Posters, including elected officials, suggested that the narrative pushed by law enforcement—that the alleged shooter was responsible for the murders of the Hortmans—was actually a ruse and ‘psyop.’

“Is it just me or does the man in the mask who they keep saying is the Minnesota shooter look totally different and about 70 pounds skinnier than the fat slob in a cowboy hat the media keeps saying is the shooter?” conspiracy theorist and close Trump ally Laura Loomer wrote on X.

Arizona state senator Wendy Rogers, who has pushed numerous wild conspiracy theories in the past, added to the confusion by quoting a post on X about the suspected shooter’s arrest and writing: “Something(s) don’t add up.
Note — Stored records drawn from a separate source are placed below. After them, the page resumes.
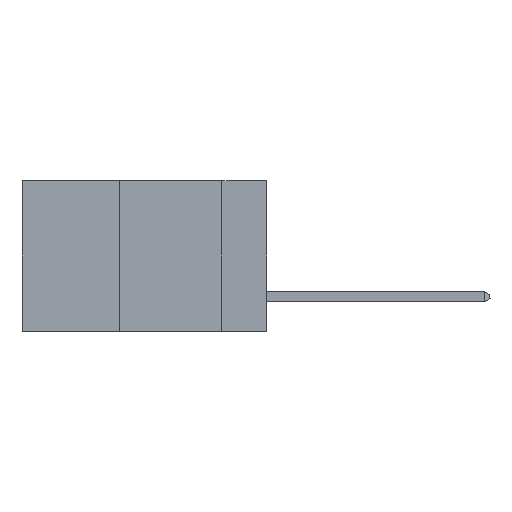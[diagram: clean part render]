
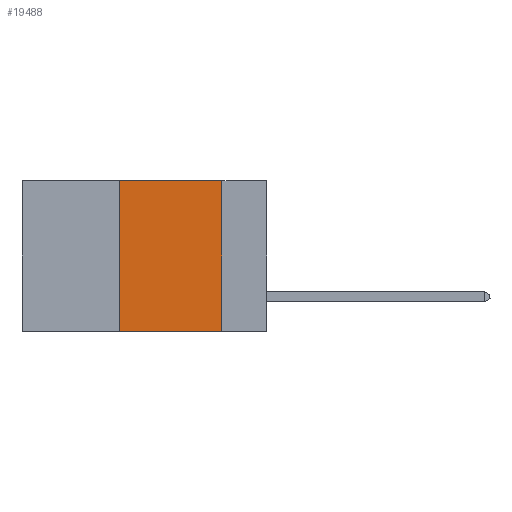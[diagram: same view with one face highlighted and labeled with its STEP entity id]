
A CAD part, left-side view. The second image highlights one B-rep face of the part: STEP entity #19488.
In plain terms, the highlighted planar face has unit normal (-1, 0, 0).
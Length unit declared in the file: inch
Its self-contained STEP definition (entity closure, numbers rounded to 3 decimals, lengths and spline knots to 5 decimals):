
#115 = DIRECTION ( 'NONE',  ( 0., 0., -1. ) ) ;
#937 = LINE ( 'NONE', #10197, #15394 ) ;
#1242 = FACE_OUTER_BOUND ( 'NONE', #2828, .T. ) ;
#2828 = EDGE_LOOP ( 'NONE', ( #10376, #11900, #17537, #23608 ) ) ;
#3177 = CARTESIAN_POINT ( 'NONE',  ( 0., 0.11, 0. ) ) ;
#3280 = VERTEX_POINT ( 'NONE', #24208 ) ;
#5724 = EDGE_CURVE ( 'NONE', #3280, #10055, #10575, .T. ) ;
#5765 = CARTESIAN_POINT ( 'NONE',  ( 0., 0.11, 0. ) ) ;
#6338 = DIRECTION ( 'NONE',  ( 0., 0., -1. ) ) ;
#7008 = VECTOR ( 'NONE', #16179, 39.37008 ) ;
#8624 = CARTESIAN_POINT ( 'NONE',  ( 0., 0.6, 0. ) ) ;
#9031 = EDGE_CURVE ( 'NONE', #23703, #22307, #12209, .T. ) ;
#10055 = VERTEX_POINT ( 'NONE', #12864 ) ;
#10152 = CARTESIAN_POINT ( 'NONE',  ( 0., 0.36, 0. ) ) ;
#10197 = CARTESIAN_POINT ( 'NONE',  ( 0., 0.6, -0.37 ) ) ;
#10376 = ORIENTED_EDGE ( 'NONE', *, *, #9031, .F. ) ;
#10575 = LINE ( 'NONE', #10152, #11792 ) ;
#11792 = VECTOR ( 'NONE', #21466, 39.37008 ) ;
#11900 = ORIENTED_EDGE ( 'NONE', *, *, #14265, .F. ) ;
#12209 = LINE ( 'NONE', #5765, #21617 ) ;
#12864 = CARTESIAN_POINT ( 'NONE',  ( 0., 0.36, 0. ) ) ;
#13894 = PLANE ( 'NONE',  #15041 ) ;
#14150 = CARTESIAN_POINT ( 'NONE',  ( 0., 0.11, -0.37 ) ) ;
#14265 = EDGE_CURVE ( 'NONE', #10055, #23703, #16467, .T. ) ;
#15041 = AXIS2_PLACEMENT_3D ( 'NONE', #15771, #17669, #6338 ) ;
#15394 = VECTOR ( 'NONE', #23337, 39.37008 ) ;
#15771 = CARTESIAN_POINT ( 'NONE',  ( 0., 0.6, 0. ) ) ;
#16179 = DIRECTION ( 'NONE',  ( 0., -1., 0. ) ) ;
#16467 = LINE ( 'NONE', #8624, #7008 ) ;
#17537 = ORIENTED_EDGE ( 'NONE', *, *, #5724, .F. ) ;
#17669 = DIRECTION ( 'NONE',  ( 1., 0., 0. ) ) ;
#17956 = EDGE_CURVE ( 'NONE', #3280, #22307, #937, .T. ) ;
#19488 = ADVANCED_FACE ( 'NONE', ( #1242 ), #13894, .F. ) ;
#21466 = DIRECTION ( 'NONE',  ( 0., 0., 1. ) ) ;
#21617 = VECTOR ( 'NONE', #115, 39.37008 ) ;
#22307 = VERTEX_POINT ( 'NONE', #14150 ) ;
#23337 = DIRECTION ( 'NONE',  ( 0., -1., 0. ) ) ;
#23608 = ORIENTED_EDGE ( 'NONE', *, *, #17956, .T. ) ;
#23703 = VERTEX_POINT ( 'NONE', #3177 ) ;
#24208 = CARTESIAN_POINT ( 'NONE',  ( 0., 0.36, -0.37 ) ) ;

Just sayin.’”

Others pointed to Carlson’s interviews as further proof that this was all a set-up: “This is the most lazy psyop false flag crisis actor I’ve ever seen,” one conspiracy-focused X account wrote above a picture of Carlson.

“When someone on the far-right commits a violent act, [right-wing conspiracy theorists] have to deflect the blame elsewhere, and do it by constructing convoluted conspiracies about the deep state being involved or the left wanting to ‘distract’ from something else—because they’ve convinced themselves and their followers that nobody in their movement could possibly carry out any act of violence,” says Rothschild.